May 23, 2013 — Physicists understand perfectly well why a fridge magnet sticks to certain metallic surfaces. But there are more exotic forms of magnetism whose properties remain unclear, despite decades of intense research. An important step towards filling these gaps comes now from Tilman Esslinger and his group at the Department of Physics. The team has developed a new kind of device that uses laser beams and atoms to emulate magnetic materials. Their approach promises fundamental insights beyond what can be obtained with current theoretical and computational methods. Moreover, the work might guide researchers towards finding new materials with interesting properties for future technologies and applications.
The concert of tiny magnets
Magnetic materials owe their properties to the intricate interplay between a myriad of tiny magnets. These elemental magnets come typically in the form of individual electrons, each of which is weakly magnetic. Observable magnetism arises when these magnetic building blocks are arranged in specific patterns, in which they are held by quantum-mechanical interactions. A typical fridge magnet, for example, is composed of several ferromagnetic sections; in each segment all elemental magnets are aligned in parallel, giving rise to the known magnetic behaviour.
In other magnetic materials the situation is much more subtle, and the elemental magnets are arranged into more complicated patterns. Examples include so-called quantum spin liquids, where the elemental magnets interact in a way that prevents them from ever reaching an ordered state such as that found in a ferromagnet. Physicists and material scientists are interested in such unusual magnets as they are landmark problems in many-body quantum physics, but also because these materials possess properties that may be the basis of robust and compact magnetic data-storage devices or of novel forms of information processors.
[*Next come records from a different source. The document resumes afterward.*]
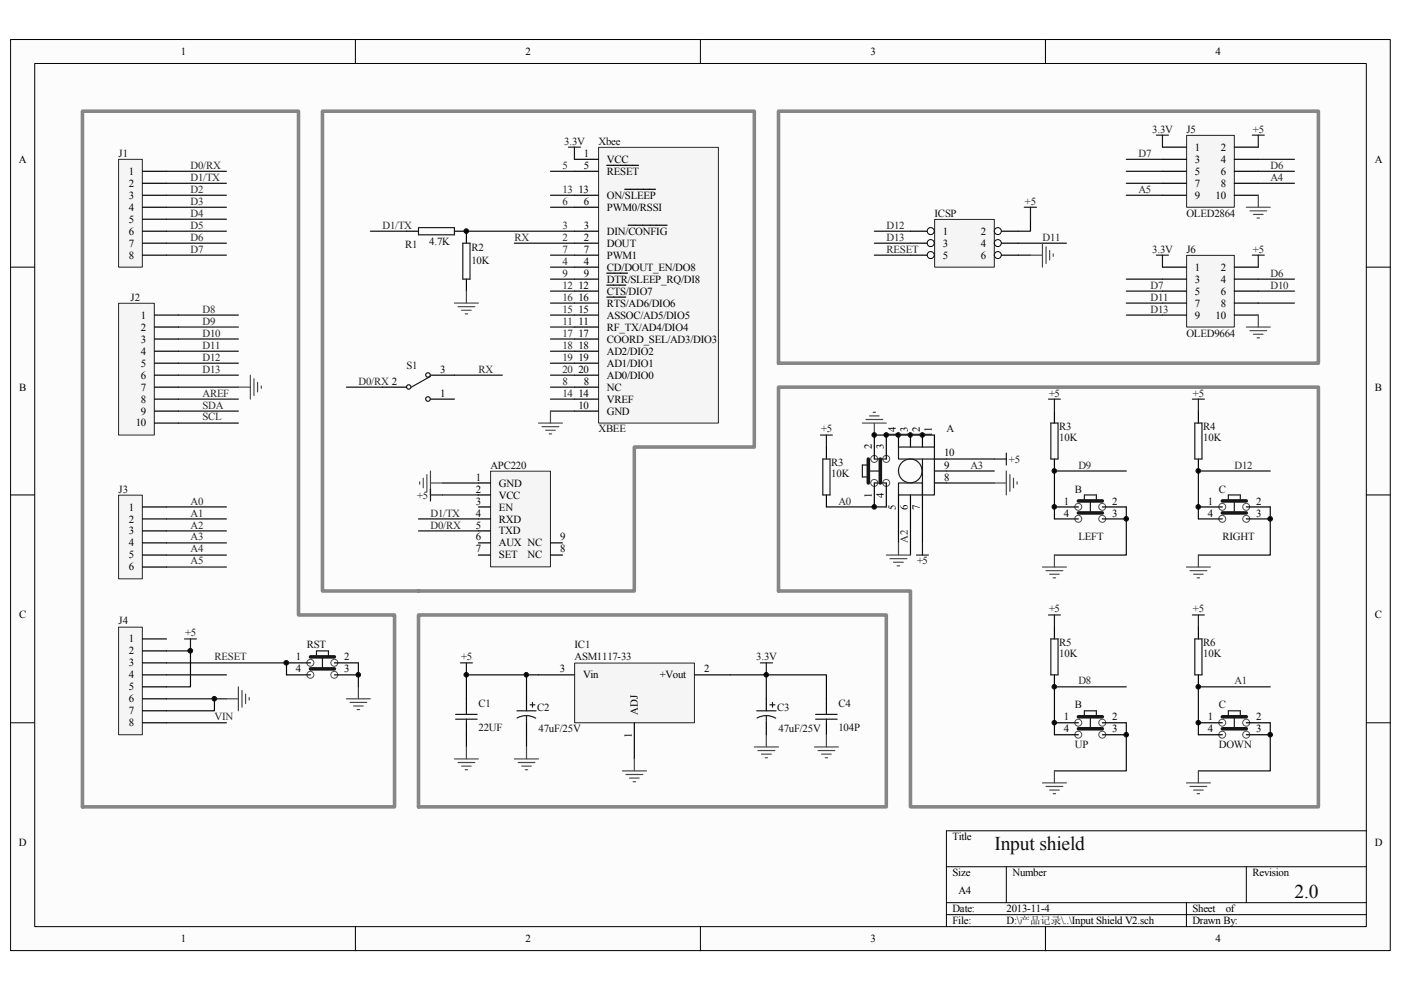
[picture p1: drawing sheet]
<svg xmlns="http://www.w3.org/2000/svg" width="297mm" height="210mm" viewBox="0 0 297 210" stroke-linecap="round" stroke-linejoin="round" font-family="sans-serif">
<path d="M2.3 8.4h292.5v193.1h-292.5z" fill="#fcfcfc"/>
<path d="M2.2 8.4h292.6v193.1h-292.6z" fill="none" stroke="#000" stroke-width=".21"/>
<path d="M7.4 13.5h282.3v183h-282.3z" fill="#fcfcfc"/>
<g fill="none" stroke="#000" stroke-width=".21">
<path d="M7.4 13.5h282.3v183h-282.3zM75.3 8.3v5.1M148.5 8.3v5.1M221.7 8.3v5.1M2.2 56.6h5.1M289.7 56.6h5.1M2.2 104.9h5.1M289.7 104.9h5.1M2.2 153.2h5.1M289.7 153.2h5.1M289.7 176.1h-89v20.4M75.3 196.5v5.1"/>
<path d="M148.5 196.5v5.1M200.7 183.8h89M200.7 191.4h89M200.7 193.9h89M213.4 183.8v7.6M221.7 196.5v5.1M251.5 191.4v5.1M264.2 183.8v7.6"/>
</g>
<circle cx="185.4" cy="102.4" r=".74" fill="#fcfcfc"/>
<circle cx="185.4" cy="102.4" r=".74" fill="none" stroke="#4c4c4c" stroke-width=".21"/>
<circle cx="185.4" cy="97.3" r=".74" fill="#fcfcfc"/>
<circle cx="185.4" cy="97.3" r=".74" fill="none" stroke="#4c4c4c" stroke-width=".21"/>
<circle cx="187.9" cy="102.4" r=".74" fill="#fcfcfc"/>
<circle cx="187.9" cy="102.4" r=".74" fill="none" stroke="#4c4c4c" stroke-width=".21"/>
<circle cx="187.9" cy="97.3" r=".74" fill="#fcfcfc"/>
<g fill="none" stroke="#4c4c4c" stroke-width=".21">
<circle cx="187.9" cy="97.3" r=".74"/>
<circle cx="228.6" cy="155.8" r=".74"/>
<circle cx="228.6" cy="153.2" r=".74"/>
<circle cx="233.7" cy="153.2" r=".74"/>
<circle cx="233.7" cy="155.8" r=".74"/>
<circle cx="259.1" cy="153.2" r=".74"/>
<circle cx="259.1" cy="155.8" r=".74"/>
<circle cx="264.2" cy="153.2" r=".74"/>
<circle cx="264.2" cy="155.8" r=".74"/>
</g>
<g fill="none" stroke="#000" stroke-width=".25">
<path d="M185.4 92.2v5.1M187.9 92.2v5.1M190.5 92.2v2.6M193 92.2v2.6M195.6 92.2v2.6M198.1 99.9h2.6M198.1 97.3h2.6M198.1 92.2v2.6M185.4 102.4v5.1M187.9 102.4v5.1M190.5 104.9v2.6M193 104.9v2.6"/>
<path d="M195.6 104.9v2.6M198.1 102.4h2.6M223.6 155.8h5M223.6 153.2h5M233.7 155.8h5.1M233.7 153.2h5.1M254.1 155.8h5.1M254.1 153.2h5.1M264.2 155.8h5.1M264.2 153.2h5.1"/>
</g>
<path d="M184.1 97.3v5.1M186.6 97.3v5.1M228.6 152h5.1M228.6 154.5h5.1M259.2 152h5M259.2 154.5h5" fill="none" stroke="#1c1c1c" stroke-width=".76"/>
<g fill="none" stroke="#1c1c1c" stroke-width=".25">
<path d="M184.1 98.6h-1.3v2.5h1.3M184.1 99.9h2.5M185.4 97.3h2.5M190.5 94.8h7.6v2.5h-7.6zM195.6 97.3v7.6h2.5v-7.6M185.4 102.4h2.5M190.5 102.4h5.1v2.5h-5.1zM229.9 152v-1.3h2.5v1.3M231.2 152v2.5M260.4 152v-1.3h2.6v1.3M261.7 152v2.5"/>
<circle cx="193" cy="99.8" r="2.51"/>
</g>
<path d="M25.2 33.8h5v22.8h-5z" fill="#f5f5f5"/>
<path d="M25.1 33.8h5.1v22.8h-5.1z" fill="none" stroke="#262626" stroke-width=".21"/>
<path d="M30.2 36.3h5.1M30.2 38.9h5.1M30.2 41.4h5.1M30.2 43.9h5.1M30.2 46.5h5.1M30.2 49h5.1M30.2 51.6h5.1M30.2 54.1h5.1" fill="none" stroke="#000" stroke-width=".25"/>
<path d="M25.2 105h5v17.7h-5z" fill="#f5f5f5"/>
<path d="M25.1 105h5.1v17.7h-5.1z" fill="none" stroke="#262626" stroke-width=".21"/>
<path d="M30.2 107.5h5.1M30.2 110h5.1M30.2 112.6h5.1M30.2 115.1h5.1M30.2 117.7h5.1M30.2 120.2h5.1" fill="none" stroke="#000" stroke-width=".25"/>
<g fill="none" stroke="#0e0e0e" stroke-width=".25">
<path d="M35.3 36.3h12.7M35.3 38.9h12.7M35.3 41.4h12.7M35.3 43.9h12.7M35.3 46.5h12.7M35.3 49h12.7M35.3 51.6h12.7M35.3 54.1h12.7M35.3 107.5h12.7M35.3 110h12.7M35.3 112.6h12.7M35.3 115.1h12.7"/>
<path d="M35.3 117.7h12.7M35.3 138h5.1v7.6h-5.1M35.3 120.2h12.7M35.3 143.1h12.7M35.3 148.2h12.7M35.3 153.2h12.7M45.5 148.2v2.5h-10.2"/>
</g>
<path d="M39.1 135.5h2.6M40.4 135.5v2.5" fill="none" stroke="#1c1c1c" stroke-width=".25"/>
<path d="M104.1 99.9h12.6v20.3h-12.6z" fill="#f5f5f5"/>
<path d="M104 99.9h12.7v20.3h-12.7z" fill="none" stroke="#262626" stroke-width=".21"/>
<g fill="none" stroke="#000" stroke-width=".25">
<path d="M175.2 94.8v2.5M223.6 87.2v2.5M223.6 97.3v2.6M254.1 87.2v2.5M254.1 97.3v2.6M101.4 102.4h2.6M101.4 104.9h2.6M101.4 107.5h2.6M101.4 110h2.6M101.4 112.6h2.6M101.4 115.1h2.6M101.4 117.7h2.6"/>
<path d="M116.7 115.1h2.5M116.7 117.7h2.5M175.2 104.9v2.6M223.6 107.5h5M223.6 110h5M233.7 107.5h5.1M233.7 110h5.1M254.1 107.5h5.1M254.1 110h5.1M264.2 107.5h5.1M264.2 110h5.1M223.6 132.9v2.6"/>
<path d="M254.1 132.9v2.6M60.7 143.1h5.1M60.7 140.5h5.1M70.9 143.1h5.1M70.9 140.5h5.1M223.6 143.1v2.5M254.1 143.1v2.5"/>
</g>
<g fill="none" stroke="#0e0e0e" stroke-width=".25">
<path d="M185.4 92.2h12.7M200.7 97.3h10.1M200.7 99.9h10.1M238.8 99.9h-15.2v10.1M269.3 99.9h-15.2v10.1M88.7 110h12.7M88.7 112.6h12.7M93.8 104.9h7.6M93.8 102.4h7.6M175.2 107.5h12.7M190.5 107.5v7.6M193 107.5v10.2"/>
<path d="M195.6 107.5v7.6M200.7 102.4h10.1M238.8 107.5v10.2h-15.2M269.3 107.5v10.2h-15.2M35.3 140.5h25.4v2.6M76 140.5v5.1M238.8 145.6h-15.2v10.2M238.8 153.2v10.2h-15.2M269.3 145.6h-15.2v10.2M269.3 153.2v10.2h-15.2"/>
</g>
<g fill="none" stroke="#4c4c4c" stroke-width=".25">
<path d="M91.3 99.9v5M182.8 89.7h5.1M183.6 88.9h3.6M184.4 88.2h2M185.1 87.4h.5M185.4 89.7v2.5M213.4 99.9v5M89 102.2v.5M89.7 101.4v2M90.5 100.6v3.6M91.3 102.4h2.5M187.9 117.7h5.1"/>
<path d="M188.7 118.4h3.6M189.4 119.2h2.1M190.2 120h.6M190.5 115.1v2.6M210.8 102.4h2.6M214.1 100.6v3.6M214.9 101.4v2M215.6 102.2v.5M223.6 117.7v2.5M254.1 117.7v2.5M221 120.2h5.1M221.8 121h3.5"/>
<path d="M222.5 121.8h2.1M223.3 122.5h.5M251.5 120.2h5.1M252.3 121h3.6M253.1 121.8h2M253.8 122.5h.5M48 148.2h2.5M50.5 145.6v5.1M51.3 146.4v3.5M52.1 147.2v2M52.8 147.9v.5M73.4 148.2h5.1"/>
<path d="M74.2 148.9h3.6M75 149.7h2M75.7 150.5h.5M76 145.6v2.6M221 166h5.1M221.8 166.8h3.5M222.5 167.5h2.1M223.3 168.3h.5M223.6 163.4v2.6M251.5 166h5.1M252.3 166.8h3.6M253.1 167.5h2"/>
<path d="M253.8 168.3h.5M254.1 163.4v2.6"/>
</g>
<g fill="none" stroke="#1c1c1c" stroke-width=".25">
<path d="M173.9 92.2h2.6M174.5 97.3h1.5v7.6h-1.5zM175.2 92.2v2.6M210.8 97.3h2.6M213.4 96.1v2.5M222.3 84.6h2.5M222.8 89.7h1.5v7.6h-1.5zM223.6 84.6v2.6M252.8 84.6h2.6M253.3 89.7h1.5v7.6h-1.5zM254.1 84.6v2.6M91.3 104.9h2.5"/>
<path d="M91.3 103.7v2.5M194.3 117.7h2.5M195.6 115.1v2.6M229.9 106.2v-1.3h2.5v1.3M231.2 106.2v2.6M260.4 106.2v-1.3h2.6v1.3M261.7 106.2v2.6M67.1 139.3v-1.3h2.5v1.3M68.4 139.3v2.5M222.3 130.4h2.5M222.8 135.5h1.5v7.6h-1.5zM223.6 130.4v2.5"/>
<path d="M252.8 130.4h2.6M253.3 135.5h1.5v7.6h-1.5zM254.1 130.4v2.5"/>
</g>
<g fill="none" stroke="#4c4c4c" stroke-width=".21">
<circle cx="228.6" cy="107.5" r=".74"/>
<circle cx="228.6" cy="110" r=".74"/>
<circle cx="233.7" cy="107.5" r=".74"/>
<circle cx="233.7" cy="110" r=".74"/>
<circle cx="259.1" cy="107.5" r=".74"/>
<circle cx="259.1" cy="110" r=".74"/>
<circle cx="264.2" cy="110" r=".74"/>
<circle cx="264.2" cy="107.5" r=".74"/>
<circle cx="65.8" cy="143.1" r=".74"/>
<circle cx="65.8" cy="140.5" r=".74"/>
<circle cx="70.9" cy="143.1" r=".74"/>
<circle cx="70.9" cy="140.5" r=".74"/>
</g>
<path d="M228.6 106.2h5.1M228.6 108.8h5.1M259.2 106.2h5M259.2 108.8h5M65.8 139.3h5.1M65.8 141.8h5.1" fill="none" stroke="#1c1c1c" stroke-width=".76"/>
<path d="M25.2 64.3h7.5v27.9h-7.5z" fill="#f5f5f5"/>
<path d="M25.1 64.3h7.6v27.9h-7.6z" fill="none" stroke="#262626" stroke-width=".21"/>
<path d="M32.8 66.8h5M32.8 69.3h5M32.8 71.9h5M32.8 74.5h5M32.8 77h5M32.8 79.5h5M32.8 82.1h5M32.8 84.6h5M32.8 87.2h5M32.8 89.7h5" fill="none" stroke="#000" stroke-width=".25"/>
<path d="M25.2 133h5v22.8h-5z" fill="#f5f5f5"/>
<path d="M25.1 133h5.1v22.8h-5.1z" fill="none" stroke="#262626" stroke-width=".21"/>
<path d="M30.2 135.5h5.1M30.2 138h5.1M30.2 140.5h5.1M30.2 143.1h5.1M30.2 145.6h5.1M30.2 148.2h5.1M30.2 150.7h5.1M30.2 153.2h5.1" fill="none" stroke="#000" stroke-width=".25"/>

Unlike in the case of fridge magnets, predicting the behaviours of quantum spin liquids and other exotic magnetic states is a notoriously hard problem. The mutual interactions between hundreds of elemental magnets have to be taken into account, and this poses a significant challenge in calculations. The complexity of these calculations explains why for many magnetic materials -- and even for idealised model systems -- a full understanding is still lacking, impeding progress in utilising and further developing these materials.
As conventional methods involving paper and pencil or computers often fail for these complicated systems, Esslinger and his co-workers pursue a very different approach to understanding magnetic materials. They create artificial materials that replicate the material of interest. That is, instead of studying the actual material, the scientists perform measurements on its artificial counterpart, which is easier to handle and where important parameters (the strength of interaction between the elemental magnets, for example) can be changed more easily.
The physicists build their artificial materials by making atoms to act like electrons and loading them into a "crystal" created by interfering laser beams. Both the laser beams and the trapped atoms can be controlled with exquisite accuracy. "In this way we can simulate the quantum-mechanical behaviour of different magnetic materials," explains Esslinger, and adds: "One of our next goals is to address unsolved questions in the context of spin liquids."
From model to technology
Exploring the properties of a quantum system with another one that can be better controlled is known as 'quantum simulation'. In the past few years, there has been intense research into developing a quantum simulator for magnetic materials -- this specific application is considered to be one of the main goals in the field. Esslinger and his team have now for the first time managed to construct such a device that directly reproduces the behaviour of a large number of electrons in a magnetic material. "The key to our success has been a method that allows us to reach the extremely low temperatures required to explore quantum magnetism," explains Daniel Greif, a PhD student in the group of Esslinger and first author of the study. With their method, the physicists were able to create a magnetic system containing 5,000 atoms. Teaming up with the group of Matthias Troyer, a professor at the Institute for Theoretical Physics, they are currently investigating whether the behaviour of this state can be reproduced on a conventional computer.
The flexibility of the quantum-simulation approach opens up an avenue to studying a wide range of possible scenarios of how electrons interact with each other. The results of these simulations can then be compared with the behaviour of natural magnetic materials, in order to gain insight into the mechanisms that defines their properties. But there is also the prospect of discovering magnetic behaviours that has not been seen yet in natural materials. This, in turn, could spur novel applications, says Esslinger: "Future technologies are often driven by the development of new materials like high-temperature superconductors, graphene or new magnetic materials."